CardioCell announces new clinical trials using allogeneic stem-cell therapy to treat subjects with AMI


CardioCell LLC announces two new clinical trials using its allogeneic stem-cell therapy to treat subjects with acute myocardial infarction (AMI), a problem facing more than 1.26 million Americans annually. In the United States, CardioCell is initiating a Phase IIa AMI clinical trial to evaluate the clinical safety and efficacy of its itMSCs. In addition, the Ministry of Health in Kazakhstan is beginning a Phase III AMI clinical trial on the intravenous administration of CardioCell’s itMSCs, based on the efficacy and safety found in Phase II clinical trials.

Only CardioCell’s AMI therapies feature itMSCs, which are exclusively licensed from CardioCell’s parent company Stemedica Cell Technologies Inc. Unlike all other MSCs – which are grown under normoxic conditions – itMSCs are grown under hypoxic conditions that more closely resemble the environment in which they live in the body. These bone-marrow-derived, allogeneic, mesenchymal stem cells are unique because they are grown under chronic hypoxic conditions and are ischemia-tolerant. Compared to other MSCs, itMSCs secrete higher levels of growth factors usually associated with angiogenesis and healing. The current studies have been designed to help determine if CardioCell’s itMSC-based therapies stimulate a regenerative response in AMI patients.

“CardioCell’s new Phase IIa AMI study is built on the excellent safety data reported in previous Phase I clinical trials using our unique, hypoxically grown stem cells,” says Dr. Sergey Sikora, Ph.D., CardioCell’s president and CEO. “We are also pleased to report that the Ministry of Health in Kazakhstan is proceeding with a Phase III CardioCell-therapy study following its Phase II study that was highly promising in terms of efficacy and safety.
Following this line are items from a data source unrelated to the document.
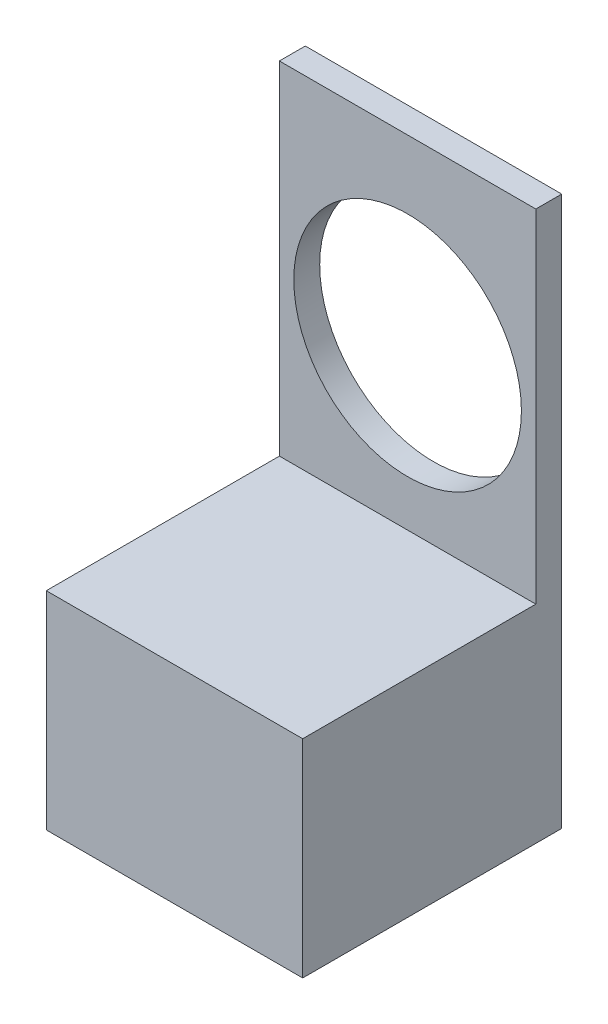
ISO-10303-21;
HEADER;
FILE_DESCRIPTION(('STEP AP214'),'2;1');
FILE_NAME('part.step','',(''),(''),'','','');
FILE_SCHEMA(('AUTOMOTIVE_DESIGN { 1 0 10303 214 1 1 1 1 }'));
ENDSEC;
DATA;
#1=APPLICATION_CONTEXT('core data for automotive mechanical design processes');
#2=APPLICATION_PROTOCOL_DEFINITION('international standard','automotive_design',2000,#1);
#3=PRODUCT_CONTEXT('',#1,'mechanical');
#4=PRODUCT('Part','Part','',(#3));
#5=PRODUCT_RELATED_PRODUCT_CATEGORY('part','',(#4));
#6=PRODUCT_DEFINITION_FORMATION('','',#4);
#7=PRODUCT_DEFINITION_CONTEXT('part definition',#1,'design');
#8=PRODUCT_DEFINITION('design','',#6,#7);
#9=PRODUCT_DEFINITION_SHAPE('','',#8);
#10=(LENGTH_UNIT() NAMED_UNIT(*) SI_UNIT(.MILLI.,.METRE.));
#11=(NAMED_UNIT(*) PLANE_ANGLE_UNIT() SI_UNIT($,.RADIAN.));
#12=(NAMED_UNIT(*) SI_UNIT($,.STERADIAN.) SOLID_ANGLE_UNIT());
#13=UNCERTAINTY_MEASURE_WITH_UNIT(LENGTH_MEASURE(1.E-05),#10,'distance_accuracy_value','');
#14=(GEOMETRIC_REPRESENTATION_CONTEXT(3) GLOBAL_UNCERTAINTY_ASSIGNED_CONTEXT((#13)) GLOBAL_UNIT_ASSIGNED_CONTEXT((#10,
#11,#12)) REPRESENTATION_CONTEXT('',''));
#15=CARTESIAN_POINT('',(0.,0.,0.));
#16=DIRECTION('',(0.,0.,1.));
#17=DIRECTION('',(1.,0.,0.));
#18=AXIS2_PLACEMENT_3D('',#15,#16,#17);
#19=CARTESIAN_POINT('',(0.,20.32,0.));
#20=DIRECTION('',(1.,0.,0.));
#21=DIRECTION('',(0.,0.,-1.));
#22=AXIS2_PLACEMENT_3D('',#19,#20,#21);
#23=PLANE('',#22);
#24=DIRECTION('',(0.,0.,1.));
#25=VECTOR('',#24,1.);
#26=CARTESIAN_POINT('',(0.,0.,0.));
#27=LINE('',#26,#25);
#28=CARTESIAN_POINT('',(0.,0.,-25.4));
#29=VERTEX_POINT('',#28);
#30=CARTESIAN_POINT('',(0.,0.,0.));
#31=VERTEX_POINT('',#30);
#32=EDGE_CURVE('E95',#29,#31,#27,.T.);
#33=ORIENTED_EDGE('',*,*,#32,.T.);
#34=DIRECTION('',(0.,-1.,0.));
#35=VECTOR('',#34,1.);
#36=CARTESIAN_POINT('',(0.,20.32,0.));
#37=LINE('',#36,#35);
#38=CARTESIAN_POINT('',(0.,20.32,0.));
#39=VERTEX_POINT('',#38);
#40=EDGE_CURVE('E11',#39,#31,#37,.T.);
#41=ORIENTED_EDGE('',*,*,#40,.F.);
#42=DIRECTION('',(0.,0.,1.));
#43=VECTOR('',#42,1.);
#44=CARTESIAN_POINT('',(0.,20.32,0.));
#45=LINE('',#44,#43);
#46=CARTESIAN_POINT('',(0.,20.32,-22.86));
#47=VERTEX_POINT('',#46);
#48=EDGE_CURVE('E87',#47,#39,#45,.T.);
#49=ORIENTED_EDGE('',*,*,#48,.F.);
#50=DIRECTION('',(0.,1.,0.));
#51=VECTOR('',#50,1.);
#52=CARTESIAN_POINT('',(0.,0.,-22.86));
#53=LINE('',#52,#51);
#54=CARTESIAN_POINT('',(0.,53.8773045383891,-22.86));
#55=VERTEX_POINT('',#54);
#56=EDGE_CURVE('E49',#47,#55,#53,.T.);
#57=ORIENTED_EDGE('',*,*,#56,.T.);
#58=DIRECTION('',(0.,0.,1.));
#59=VECTOR('',#58,1.);
#60=CARTESIAN_POINT('',(0.,53.8773045383891,-25.4));
#61=LINE('',#60,#59);
#62=CARTESIAN_POINT('',(0.,53.8773045383891,-25.4));
#63=VERTEX_POINT('',#62);
#64=EDGE_CURVE('E102',#63,#55,#61,.T.);
#65=ORIENTED_EDGE('',*,*,#64,.F.);
#66=DIRECTION('',(0.,1.,0.));
#67=VECTOR('',#66,1.);
#68=CARTESIAN_POINT('',(0.,0.,-25.4));
#69=LINE('',#68,#67);
#70=EDGE_CURVE('E99',#29,#63,#69,.T.);
#71=ORIENTED_EDGE('',*,*,#70,.F.);
#72=EDGE_LOOP('',(#33,#41,#49,#57,#65,#71));
#73=FACE_BOUND('',#72,.T.);
#74=ADVANCED_FACE('F33',(#73),#23,.F.);
#75=CARTESIAN_POINT('',(0.,20.32,0.));
#76=DIRECTION('',(0.,0.,-1.));
#77=DIRECTION('',(-1.,0.,0.));
#78=AXIS2_PLACEMENT_3D('',#75,#76,#77);
#79=PLANE('',#78);
#80=DIRECTION('',(1.,0.,0.));
#81=VECTOR('',#80,1.);
#82=CARTESIAN_POINT('',(0.,0.,0.));
#83=LINE('',#82,#81);
#84=CARTESIAN_POINT('',(25.146,0.,0.));
#85=VERTEX_POINT('',#84);
#86=EDGE_CURVE('E62',#31,#85,#83,.T.);
#87=ORIENTED_EDGE('',*,*,#86,.T.);
#88=DIRECTION('',(0.,-1.,0.));
#89=VECTOR('',#88,1.);
#90=CARTESIAN_POINT('',(25.146,20.32,0.));
#91=LINE('',#90,#89);
#92=CARTESIAN_POINT('',(25.146,20.32,0.));
#93=VERTEX_POINT('',#92);
#94=EDGE_CURVE('E41',#93,#85,#91,.T.);
#95=ORIENTED_EDGE('',*,*,#94,.F.);
#96=DIRECTION('',(1.,0.,0.));
#97=VECTOR('',#96,1.);
#98=CARTESIAN_POINT('',(0.,20.32,0.));
#99=LINE('',#98,#97);
#100=EDGE_CURVE('E77',#39,#93,#99,.T.);
#101=ORIENTED_EDGE('',*,*,#100,.F.);
#102=ORIENTED_EDGE('',*,*,#40,.T.);
#103=EDGE_LOOP('',(#87,#95,#101,#102));
#104=FACE_BOUND('',#103,.T.);
#105=ADVANCED_FACE('F79',(#104),#79,.F.);
#106=CARTESIAN_POINT('',(25.146,20.32,0.));
#107=DIRECTION('',(-1.,0.,0.));
#108=DIRECTION('',(0.,0.,1.));
#109=AXIS2_PLACEMENT_3D('',#106,#107,#108);
#110=PLANE('',#109);
#111=DIRECTION('',(0.,0.,-1.));
#112=VECTOR('',#111,1.);
#113=CARTESIAN_POINT('',(25.146,0.,0.));
#114=LINE('',#113,#112);
#115=CARTESIAN_POINT('',(25.146,0.,-25.4));
#116=VERTEX_POINT('',#115);
#117=EDGE_CURVE('E92',#85,#116,#114,.T.);
#118=ORIENTED_EDGE('',*,*,#117,.T.);
#119=DIRECTION('',(0.,-1.,0.));
#120=VECTOR('',#119,1.);
#121=CARTESIAN_POINT('',(25.146,53.8773045383891,-25.4));
#122=LINE('',#121,#120);
#123=CARTESIAN_POINT('',(25.146,53.8773045383891,-25.4));
#124=VERTEX_POINT('',#123);
#125=EDGE_CURVE('E120',#124,#116,#122,.T.);
#126=ORIENTED_EDGE('',*,*,#125,.F.);
#127=DIRECTION('',(0.,0.,1.));
#128=VECTOR('',#127,1.);
#129=CARTESIAN_POINT('',(25.146,53.8773045383891,-25.4));
#130=LINE('',#129,#128);
#131=CARTESIAN_POINT('',(25.146,53.8773045383891,-22.86));
#132=VERTEX_POINT('',#131);
#133=EDGE_CURVE('E106',#124,#132,#130,.T.);
#134=ORIENTED_EDGE('',*,*,#133,.T.);
#135=DIRECTION('',(0.,-1.,0.));
#136=VECTOR('',#135,1.);
#137=CARTESIAN_POINT('',(25.146,53.8773045383891,-22.86));
#138=LINE('',#137,#136);
#139=CARTESIAN_POINT('',(25.146,20.32,-22.86));
#140=VERTEX_POINT('',#139);
#141=EDGE_CURVE('E122',#132,#140,#138,.T.);
#142=ORIENTED_EDGE('',*,*,#141,.T.);
#143=DIRECTION('',(0.,0.,-1.));
#144=VECTOR('',#143,1.);
#145=CARTESIAN_POINT('',(25.146,20.32,0.));
#146=LINE('',#145,#144);
#147=EDGE_CURVE('E86',#93,#140,#146,.T.);
#148=ORIENTED_EDGE('',*,*,#147,.F.);
#149=ORIENTED_EDGE('',*,*,#94,.T.);
#150=EDGE_LOOP('',(#118,#126,#134,#142,#148,#149));
#151=FACE_BOUND('',#150,.T.);
#152=ADVANCED_FACE('F155',(#151),#110,.F.);
#153=CARTESIAN_POINT('',(0.,20.32,0.));
#154=DIRECTION('',(0.,-1.,0.));
#155=DIRECTION('',(0.,0.,-1.));
#156=AXIS2_PLACEMENT_3D('',#153,#154,#155);
#157=PLANE('',#156);
#158=ORIENTED_EDGE('',*,*,#48,.T.);
#159=ORIENTED_EDGE('',*,*,#100,.T.);
#160=ORIENTED_EDGE('',*,*,#147,.T.);
#161=DIRECTION('',(-1.,0.,0.));
#162=VECTOR('',#161,1.);
#163=CARTESIAN_POINT('',(0.,20.32,-22.86));
#164=LINE('',#163,#162);
#165=EDGE_CURVE('E66',#140,#47,#164,.T.);
#166=ORIENTED_EDGE('',*,*,#165,.T.);
#167=EDGE_LOOP('',(#158,#159,#160,#166));
#168=FACE_BOUND('',#167,.T.);
#169=ADVANCED_FACE('F90',(#168),#157,.F.);
#170=CARTESIAN_POINT('',(0.,0.,0.));
#171=DIRECTION('',(0.,-1.,0.));
#172=DIRECTION('',(0.,0.,-1.));
#173=AXIS2_PLACEMENT_3D('',#170,#171,#172);
#174=PLANE('',#173);
#175=ORIENTED_EDGE('',*,*,#32,.F.);
#176=DIRECTION('',(-1.,0.,0.));
#177=VECTOR('',#176,1.);
#178=CARTESIAN_POINT('',(25.146,0.,-25.4));
#179=LINE('',#178,#177);
#180=EDGE_CURVE('E127',#116,#29,#179,.T.);
#181=ORIENTED_EDGE('',*,*,#180,.F.);
#182=ORIENTED_EDGE('',*,*,#117,.F.);
#183=ORIENTED_EDGE('',*,*,#86,.F.);
#184=EDGE_LOOP('',(#175,#181,#182,#183));
#185=FACE_BOUND('',#184,.T.);
#186=ADVANCED_FACE('F156',(#185),#174,.T.);
#187=CARTESIAN_POINT('',(0.,53.8773045383891,-25.4));
#188=DIRECTION('',(0.,-1.,0.));
#189=DIRECTION('',(0.,0.,-1.));
#190=AXIS2_PLACEMENT_3D('',#187,#188,#189);
#191=PLANE('',#190);
#192=DIRECTION('',(1.,0.,0.));
#193=VECTOR('',#192,1.);
#194=CARTESIAN_POINT('',(0.,53.8773045383891,-22.86));
#195=LINE('',#194,#193);
#196=EDGE_CURVE('E117',#55,#132,#195,.T.);
#197=ORIENTED_EDGE('',*,*,#196,.T.);
#198=ORIENTED_EDGE('',*,*,#133,.F.);
#199=DIRECTION('',(1.,0.,0.));
#200=VECTOR('',#199,1.);
#201=CARTESIAN_POINT('',(0.,53.8773045383891,-25.4));
#202=LINE('',#201,#200);
#203=EDGE_CURVE('E116',#63,#124,#202,.T.);
#204=ORIENTED_EDGE('',*,*,#203,.F.);
#205=ORIENTED_EDGE('',*,*,#64,.T.);
#206=EDGE_LOOP('',(#197,#198,#204,#205));
#207=FACE_BOUND('',#206,.T.);
#208=ADVANCED_FACE('F148',(#207),#191,.F.);
#209=CARTESIAN_POINT('',(0.,0.,-25.4));
#210=DIRECTION('',(0.,0.,-1.));
#211=DIRECTION('',(-1.,0.,0.));
#212=AXIS2_PLACEMENT_3D('',#209,#210,#211);
#213=PLANE('',#212);
#214=CARTESIAN_POINT('',(12.573,36.0170665264548,-25.4));
#215=DIRECTION('',(0.,0.,-1.));
#216=DIRECTION('',(-1.,0.,0.));
#217=AXIS2_PLACEMENT_3D('',#214,#215,#216);
#218=CIRCLE('',#217,11.1597834786109);
#219=CARTESIAN_POINT('',(1.4132165213891,36.0170665264548,-25.4));
#220=VERTEX_POINT('',#219);
#221=EDGE_CURVE('E131',#220,#220,#218,.T.);
#222=ORIENTED_EDGE('',*,*,#221,.F.);
#223=EDGE_LOOP('',(#222));
#224=FACE_BOUND('',#223,.T.);
#225=ORIENTED_EDGE('',*,*,#125,.T.);
#226=ORIENTED_EDGE('',*,*,#180,.T.);
#227=ORIENTED_EDGE('',*,*,#70,.T.);
#228=ORIENTED_EDGE('',*,*,#203,.T.);
#229=EDGE_LOOP('',(#225,#226,#227,#228));
#230=FACE_BOUND('',#229,.T.);
#231=ADVANCED_FACE('F145',(#224,#230),#213,.T.);
#232=CARTESIAN_POINT('',(0.,0.,-22.86));
#233=DIRECTION('',(0.,0.,-1.));
#234=DIRECTION('',(-1.,0.,0.));
#235=AXIS2_PLACEMENT_3D('',#232,#233,#234);
#236=PLANE('',#235);
#237=CARTESIAN_POINT('',(12.573,36.0170665264548,-22.86));
#238=DIRECTION('',(0.,0.,-1.));
#239=DIRECTION('',(-1.,0.,0.));
#240=AXIS2_PLACEMENT_3D('',#237,#238,#239);
#241=CIRCLE('',#240,11.1597834786109);
#242=CARTESIAN_POINT('',(1.4132165213891,36.0170665264548,-22.86));
#243=VERTEX_POINT('',#242);
#244=EDGE_CURVE('E124',#243,#243,#241,.T.);
#245=ORIENTED_EDGE('',*,*,#244,.T.);
#246=EDGE_LOOP('',(#245));
#247=FACE_BOUND('',#246,.T.);
#248=ORIENTED_EDGE('',*,*,#165,.F.);
#249=ORIENTED_EDGE('',*,*,#141,.F.);
#250=ORIENTED_EDGE('',*,*,#196,.F.);
#251=ORIENTED_EDGE('',*,*,#56,.F.);
#252=EDGE_LOOP('',(#248,#249,#250,#251));
#253=FACE_BOUND('',#252,.T.);
#254=ADVANCED_FACE('F137',(#247,#253),#236,.F.);
#255=CARTESIAN_POINT('',(12.573,36.0170665264548,-22.86));
#256=DIRECTION('',(0.,0.,-1.));
#257=DIRECTION('',(-1.,0.,0.));
#258=AXIS2_PLACEMENT_3D('',#255,#256,#257);
#259=CYLINDRICAL_SURFACE('',#258,11.1597834786109);
#260=ORIENTED_EDGE('',*,*,#244,.F.);
#261=EDGE_LOOP('',(#260));
#262=FACE_BOUND('',#261,.T.);
#263=ORIENTED_EDGE('',*,*,#221,.T.);
#264=EDGE_LOOP('',(#263));
#265=FACE_BOUND('',#264,.T.);
#266=ADVANCED_FACE('F139',(#262,#265),#259,.F.);
#267=CLOSED_SHELL('',(#74,#105,#152,#169,#186,#208,#231,#254,#266));
#268=MANIFOLD_SOLID_BREP('B2',#267);
#269=ADVANCED_BREP_SHAPE_REPRESENTATION('',(#18,#268),#14);
#270=SHAPE_DEFINITION_REPRESENTATION(#9,#269);
ENDSEC;
END-ISO-10303-21;

Our studies target AMI patients who have depressed left ventricular ejection fraction (LVEF), which makes them prone to developing extensive scarring and therefore to the development of chronic heart failure. CardioCell hopes our itMSC therapies will inhibit the development of extensive scarring and, thus, the occurrence of chronic heart failure in these patients.”

Taking place at Emory University, Sanford Health and Mercy Gilbert Medical Center, CardioCell’s Phase IIa AMI trial is a double-blinded, multicenter, randomized study to assess the safety, tolerability and preliminary clinical efficacy of a single, intravenous dose of allogeneic mesenchymal bone-marrow cells to subjects with ST segment-elevation myocardial infarction (STEMI).

“While stem-cell therapy for cardiovascular disease is nothing new, CardioCell is bringing to the field a new, unique type of stem-cell technology that has the possibility of being more effective than other AMI treatments,” says MedStar Heart Institute’s Director of Translational and Vascular Biology Research and CardioCell’s Scientific Advisory Board Chair Dr. Stephen Epstein. “Evidence exists demonstrating that MSCs grown under hypoxic conditions express higher levels of molecules associated with angiogenesis and healing processes. There is also evidence indicating they migrate with greater avidity to various cytokines and growth factors and, most importantly, home more robustly to ischemic tissue. Studies like those underway using CardioCell’s technology are designed to determine if we can evoke a more potent healing response that will reduce the extent of myocardial cell death occurring during AMI and thereby decrease the amount of scar tissue resulting from the infarct. A therapy that could achieve this would have a major beneficial impact in reducing the occurrence of chronic heart failure.”